Count every line of the listing where the string "value" occurs, and reply with the count alone.

* * * * *

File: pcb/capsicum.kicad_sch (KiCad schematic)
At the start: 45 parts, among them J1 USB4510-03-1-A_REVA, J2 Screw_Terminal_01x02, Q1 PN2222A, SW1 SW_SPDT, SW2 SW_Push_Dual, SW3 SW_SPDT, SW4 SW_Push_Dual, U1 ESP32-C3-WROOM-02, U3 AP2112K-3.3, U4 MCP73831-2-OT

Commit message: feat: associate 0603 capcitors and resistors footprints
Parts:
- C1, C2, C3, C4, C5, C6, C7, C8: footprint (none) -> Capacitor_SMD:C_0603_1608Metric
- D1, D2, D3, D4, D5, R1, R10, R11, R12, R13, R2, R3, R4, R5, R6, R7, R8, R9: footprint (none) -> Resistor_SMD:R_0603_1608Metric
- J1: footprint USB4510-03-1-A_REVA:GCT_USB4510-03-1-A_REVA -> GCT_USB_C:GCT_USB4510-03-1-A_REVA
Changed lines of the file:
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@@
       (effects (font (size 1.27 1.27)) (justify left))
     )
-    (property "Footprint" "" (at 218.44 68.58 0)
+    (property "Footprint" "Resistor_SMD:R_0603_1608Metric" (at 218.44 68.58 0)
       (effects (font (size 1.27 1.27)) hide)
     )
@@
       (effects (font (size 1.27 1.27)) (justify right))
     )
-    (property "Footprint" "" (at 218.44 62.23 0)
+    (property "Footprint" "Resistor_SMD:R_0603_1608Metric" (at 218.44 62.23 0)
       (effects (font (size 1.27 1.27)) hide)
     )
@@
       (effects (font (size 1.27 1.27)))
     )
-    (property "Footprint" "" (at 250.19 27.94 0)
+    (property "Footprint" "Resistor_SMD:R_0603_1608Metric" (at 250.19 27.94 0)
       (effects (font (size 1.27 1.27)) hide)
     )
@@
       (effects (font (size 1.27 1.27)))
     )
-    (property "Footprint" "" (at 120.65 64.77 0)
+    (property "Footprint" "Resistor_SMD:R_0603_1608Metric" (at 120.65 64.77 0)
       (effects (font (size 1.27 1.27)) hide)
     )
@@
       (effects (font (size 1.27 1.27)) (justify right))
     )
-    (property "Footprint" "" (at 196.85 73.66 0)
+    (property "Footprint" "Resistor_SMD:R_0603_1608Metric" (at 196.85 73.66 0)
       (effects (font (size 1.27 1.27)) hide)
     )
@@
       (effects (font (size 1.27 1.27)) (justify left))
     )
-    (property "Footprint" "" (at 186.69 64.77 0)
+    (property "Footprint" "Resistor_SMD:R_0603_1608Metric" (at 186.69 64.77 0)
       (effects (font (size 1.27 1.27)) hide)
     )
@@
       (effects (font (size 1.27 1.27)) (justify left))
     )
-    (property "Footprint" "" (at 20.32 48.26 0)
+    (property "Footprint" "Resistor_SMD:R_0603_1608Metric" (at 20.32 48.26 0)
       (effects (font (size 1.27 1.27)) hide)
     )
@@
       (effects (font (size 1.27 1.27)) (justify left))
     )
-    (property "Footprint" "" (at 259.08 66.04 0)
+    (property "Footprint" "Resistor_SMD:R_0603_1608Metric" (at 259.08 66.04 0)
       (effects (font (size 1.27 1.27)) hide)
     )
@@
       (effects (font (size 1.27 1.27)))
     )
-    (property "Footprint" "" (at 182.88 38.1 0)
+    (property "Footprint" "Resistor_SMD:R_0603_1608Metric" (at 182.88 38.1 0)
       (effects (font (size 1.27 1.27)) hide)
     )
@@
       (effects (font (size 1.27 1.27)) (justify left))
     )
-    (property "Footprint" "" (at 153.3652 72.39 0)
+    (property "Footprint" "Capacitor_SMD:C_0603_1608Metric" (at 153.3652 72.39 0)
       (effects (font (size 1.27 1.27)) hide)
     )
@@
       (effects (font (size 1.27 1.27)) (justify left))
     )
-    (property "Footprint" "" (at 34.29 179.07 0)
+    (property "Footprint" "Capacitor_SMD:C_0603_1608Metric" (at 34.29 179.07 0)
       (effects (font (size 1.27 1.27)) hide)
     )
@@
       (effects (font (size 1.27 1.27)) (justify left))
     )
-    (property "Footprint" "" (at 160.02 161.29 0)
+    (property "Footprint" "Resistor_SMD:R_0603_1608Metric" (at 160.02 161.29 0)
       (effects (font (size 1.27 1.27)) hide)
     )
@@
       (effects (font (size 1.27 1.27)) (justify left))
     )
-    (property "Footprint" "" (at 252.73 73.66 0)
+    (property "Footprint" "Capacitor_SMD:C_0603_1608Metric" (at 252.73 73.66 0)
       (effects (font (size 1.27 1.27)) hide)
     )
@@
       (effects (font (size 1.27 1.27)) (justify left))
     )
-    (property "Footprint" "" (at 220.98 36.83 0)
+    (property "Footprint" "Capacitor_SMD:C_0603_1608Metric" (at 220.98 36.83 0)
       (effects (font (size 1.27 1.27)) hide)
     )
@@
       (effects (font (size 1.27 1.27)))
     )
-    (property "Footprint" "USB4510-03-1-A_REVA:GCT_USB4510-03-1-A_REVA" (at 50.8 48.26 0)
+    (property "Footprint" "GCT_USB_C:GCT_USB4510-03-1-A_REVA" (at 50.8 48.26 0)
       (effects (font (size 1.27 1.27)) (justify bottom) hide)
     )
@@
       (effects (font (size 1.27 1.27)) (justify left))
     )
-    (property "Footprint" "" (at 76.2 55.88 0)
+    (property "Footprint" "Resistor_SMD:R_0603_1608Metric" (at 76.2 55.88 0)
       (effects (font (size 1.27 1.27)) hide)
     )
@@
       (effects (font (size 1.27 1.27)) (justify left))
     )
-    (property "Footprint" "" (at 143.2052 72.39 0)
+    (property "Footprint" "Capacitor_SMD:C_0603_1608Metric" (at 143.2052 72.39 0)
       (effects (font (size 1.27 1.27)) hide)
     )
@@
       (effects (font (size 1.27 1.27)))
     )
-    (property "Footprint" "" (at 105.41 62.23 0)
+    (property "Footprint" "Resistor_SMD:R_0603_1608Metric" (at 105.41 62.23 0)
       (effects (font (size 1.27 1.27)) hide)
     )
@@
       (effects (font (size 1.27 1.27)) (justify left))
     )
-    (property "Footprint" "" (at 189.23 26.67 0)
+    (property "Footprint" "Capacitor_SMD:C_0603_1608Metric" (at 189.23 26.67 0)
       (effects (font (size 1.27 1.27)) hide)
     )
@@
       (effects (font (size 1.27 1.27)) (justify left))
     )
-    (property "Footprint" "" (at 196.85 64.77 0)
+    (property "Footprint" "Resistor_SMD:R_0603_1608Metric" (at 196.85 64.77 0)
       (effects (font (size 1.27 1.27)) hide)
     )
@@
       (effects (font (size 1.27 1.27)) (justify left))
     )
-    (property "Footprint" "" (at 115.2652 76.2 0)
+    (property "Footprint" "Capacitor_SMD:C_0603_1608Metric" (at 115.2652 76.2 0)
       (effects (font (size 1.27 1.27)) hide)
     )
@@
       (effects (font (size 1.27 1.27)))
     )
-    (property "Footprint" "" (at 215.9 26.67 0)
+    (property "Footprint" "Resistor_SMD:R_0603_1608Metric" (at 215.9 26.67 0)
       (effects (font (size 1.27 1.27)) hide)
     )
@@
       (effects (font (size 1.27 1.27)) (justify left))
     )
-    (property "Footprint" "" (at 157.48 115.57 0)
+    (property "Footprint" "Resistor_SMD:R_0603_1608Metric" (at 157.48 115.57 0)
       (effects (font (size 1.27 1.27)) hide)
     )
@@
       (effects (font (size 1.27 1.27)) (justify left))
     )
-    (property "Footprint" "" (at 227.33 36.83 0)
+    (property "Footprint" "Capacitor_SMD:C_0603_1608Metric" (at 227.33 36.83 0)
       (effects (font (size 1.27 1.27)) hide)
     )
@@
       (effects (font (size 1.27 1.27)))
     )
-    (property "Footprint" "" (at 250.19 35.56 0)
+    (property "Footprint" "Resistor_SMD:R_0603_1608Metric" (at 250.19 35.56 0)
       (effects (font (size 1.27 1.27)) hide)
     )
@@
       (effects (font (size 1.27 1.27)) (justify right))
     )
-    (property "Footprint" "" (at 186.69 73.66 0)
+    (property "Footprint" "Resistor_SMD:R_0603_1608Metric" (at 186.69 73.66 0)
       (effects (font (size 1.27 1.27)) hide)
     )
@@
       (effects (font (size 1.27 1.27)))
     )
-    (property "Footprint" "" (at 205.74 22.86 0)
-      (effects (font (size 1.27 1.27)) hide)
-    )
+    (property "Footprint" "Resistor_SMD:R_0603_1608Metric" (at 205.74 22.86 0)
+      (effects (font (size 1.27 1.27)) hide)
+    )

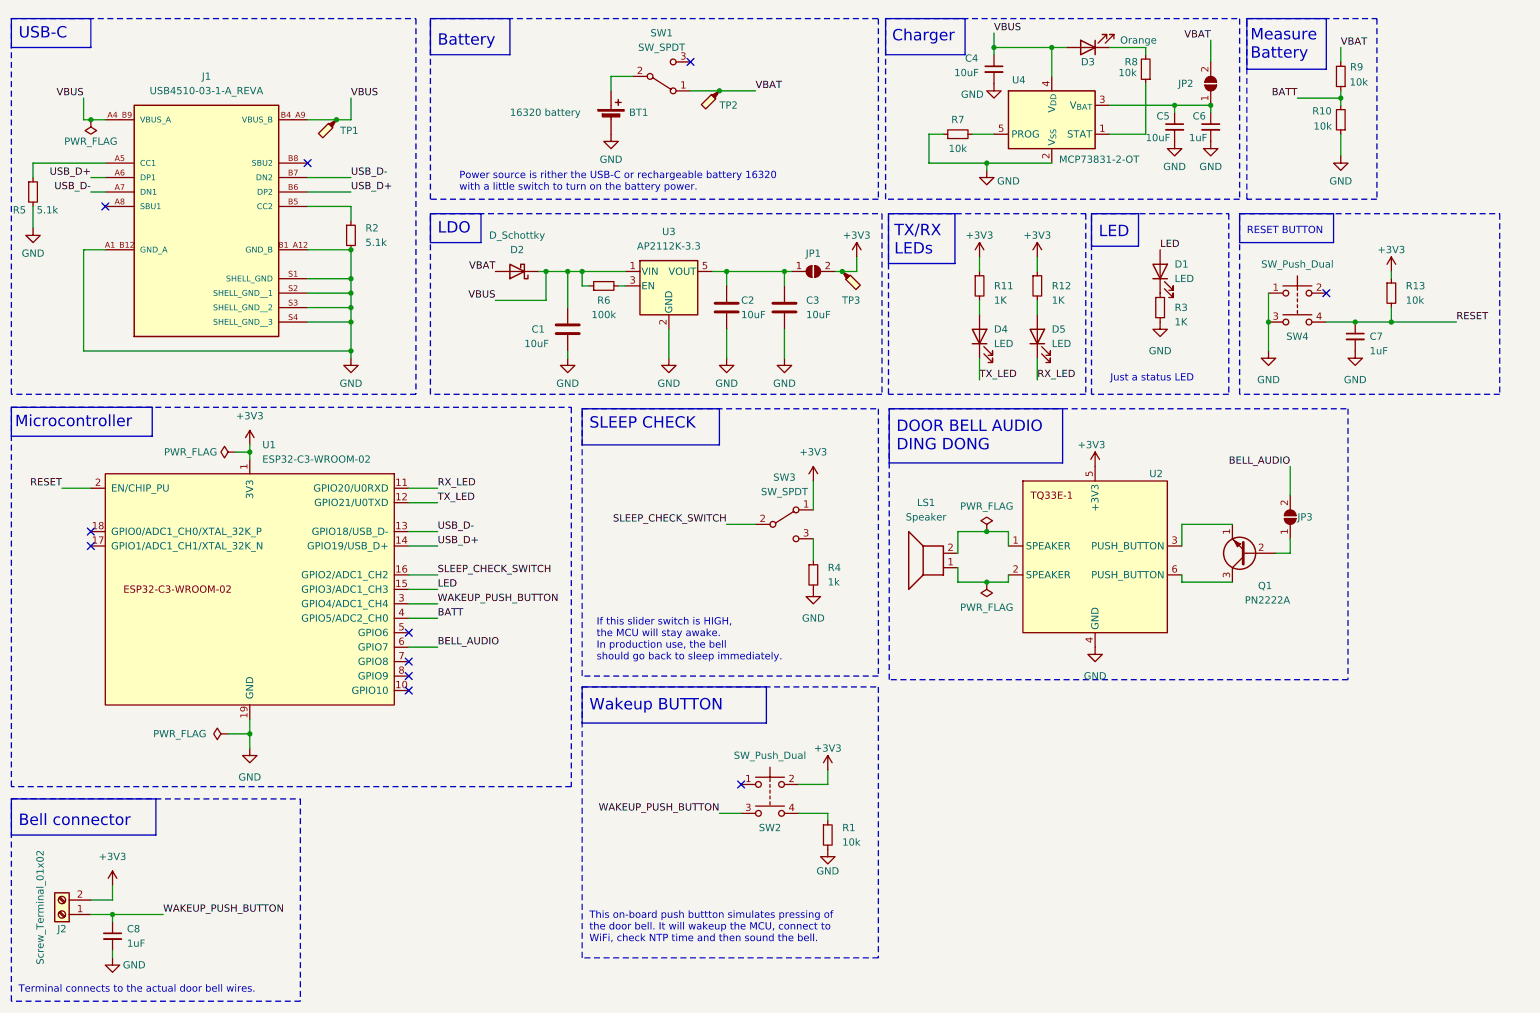
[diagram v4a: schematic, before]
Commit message: refactor: add power LEDs, combine wakeup button schematic and simplify comment
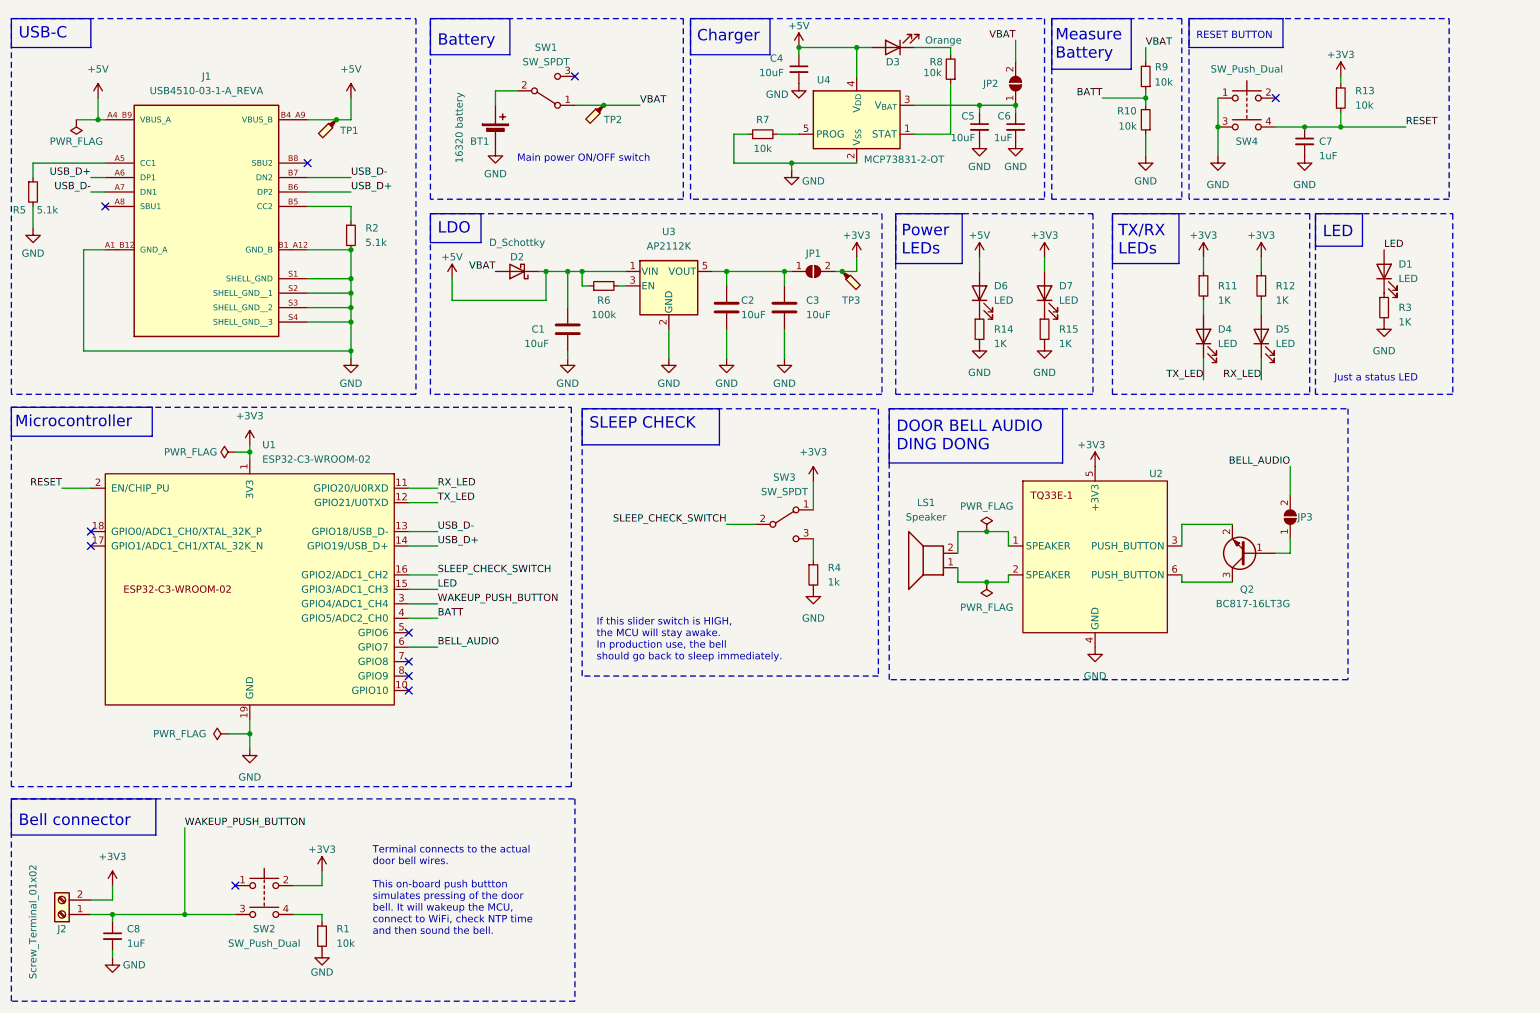
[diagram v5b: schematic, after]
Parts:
- removed Q1: PN2222A, Package_TO_SOT_THT:TO-92_Inline, symbol Transistor_BJT:PN2222A
- added D6, D7: LED, Resistor_SMD:R_0603_1608Metric, symbol Device:LED
- added Q2: BC817-16LT3G, Package_TO_SOT_SMD:SOT-23, symbol Transistor_BJT:BC817
- added R14, R15: 1K, Resistor_SMD:R_0603_1608Metric, symbol Device:R_Small
- C1, C2, C3, C4, C5: Link (none) -> https://www.pcbway.com/components/detail/CC0603KRX5R6BB106/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; MPN (none) -> CC0603KRX5R6BB106; Vendor (none) -> PCBWay
- C6, C7, C8: Link (none) -> https://www.pcbway.com/components/detail/06033D105MAT2A/217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; MPN (none) -> 06033D105MAT2A; Vendor (none) -> PCBWay
- U3: value AP2112K-3.3 -> AP2112K; Link (none) -> https://www.pcbway.com/components/detail/AP2112K33TRG1/1123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; MPN (none) -> AP2112K-3.3TRG1
- U4: MPN (none) -> MCP73831-2-OT
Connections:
- net +3V3: now also D7.2 (A)
- net GND: now also R14.2, R15.2
- net at U2.3 (PUSH_BUTTON): now also Q2.2 (E)
- net at JP3.1 (A): now also Q2.1 (B)
- net at U2.6 (PUSH_BUTTON): now also Q2.3 (C)
- net VBUS renamed +5V
- net +5V: now also D6.2 (A)
- new net: D6.1 (K), R14.1
- new net: D7.1 (K), R15.1
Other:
- note added: "Main power ON/OFF switch"
- note added: "Power LEDs"
- note added: "Terminal connects to the actual door bell wires. This on-board push buttton simulates pressing of the door bell. It will wakeup the MCU, connect to WiFi, check NTP time and then sound the bell."
- note removed: "Power source is rither the USB-C or rechargeable battery 16320 with a little switch to turn on the battery power."
- note removed: "Terminal connects to the actual door bell wires."
- note removed: "This on-board push buttton simulates pressing of the door bell. It will wakeup the MCU, connect to WiFi, check NTP time and then sound the bell."
- note removed: "Wakeup BUTTON"
- moved on the sheet: BT1, C4, C5, C6, C7, D1, D3, D4, D5, JP2, R1, R10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

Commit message: refactor: add battery measurement circuit that saves power draw
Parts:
- added C9: 0.1uF, symbol Device:C_Small
- added Q1: BSS83P, Package_TO_SOT_SMD:SOT-23, symbol Transistor_FET:BSS83P
- added R16: 1M, Resistor_SMD:R_0603_1608Metric, symbol Device:R_Small
- R10: value 10k -> 100k
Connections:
- net +3V3: now also D4.2 (A), D5.2 (A); no longer R11.1, R12.1
- net RX_LED: now also R12.2; no longer D5.1 (K)
- net TX_LED: now also R11.2; no longer D4.1 (K)
- net VBAT: now also Q1.2 (S), R16.2; no longer R9.2
- net BATT_EN: now reaches U1.5 (GPIO6)
- net BATT_EN: now also C9.2
- new net: C9.1, Q1.1 (G), R16.1
- new net: Q1.3 (D), R9.2
- new net: D5.1 (K), R12.1
- new net: D4.1 (K), R11.1
- no-connect marks 11 -> 10
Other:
- note added: "Measure BATT"
- note removed: "Measure Battery"
- moved on the sheet: C7, D1, D4, D5, R10, R11, R12, R13, R3, R9, SW4

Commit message: feat: associate package to LDO and charger
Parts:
- U3: Package (none) -> SOT-23-5 or SOT-753 or SOT-25
- U4: Link (none) -> https://www.pcbway.com/components/detail/MCP73831T2ACIOT/28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; MPN MCP73831-2-OT -> MCP73831T-2ACI/OT; Package (none) -> SOT-23-5; Vendor (none) -> PCBWay

* * * * *

=== PROBLEM SOLUTION ===
2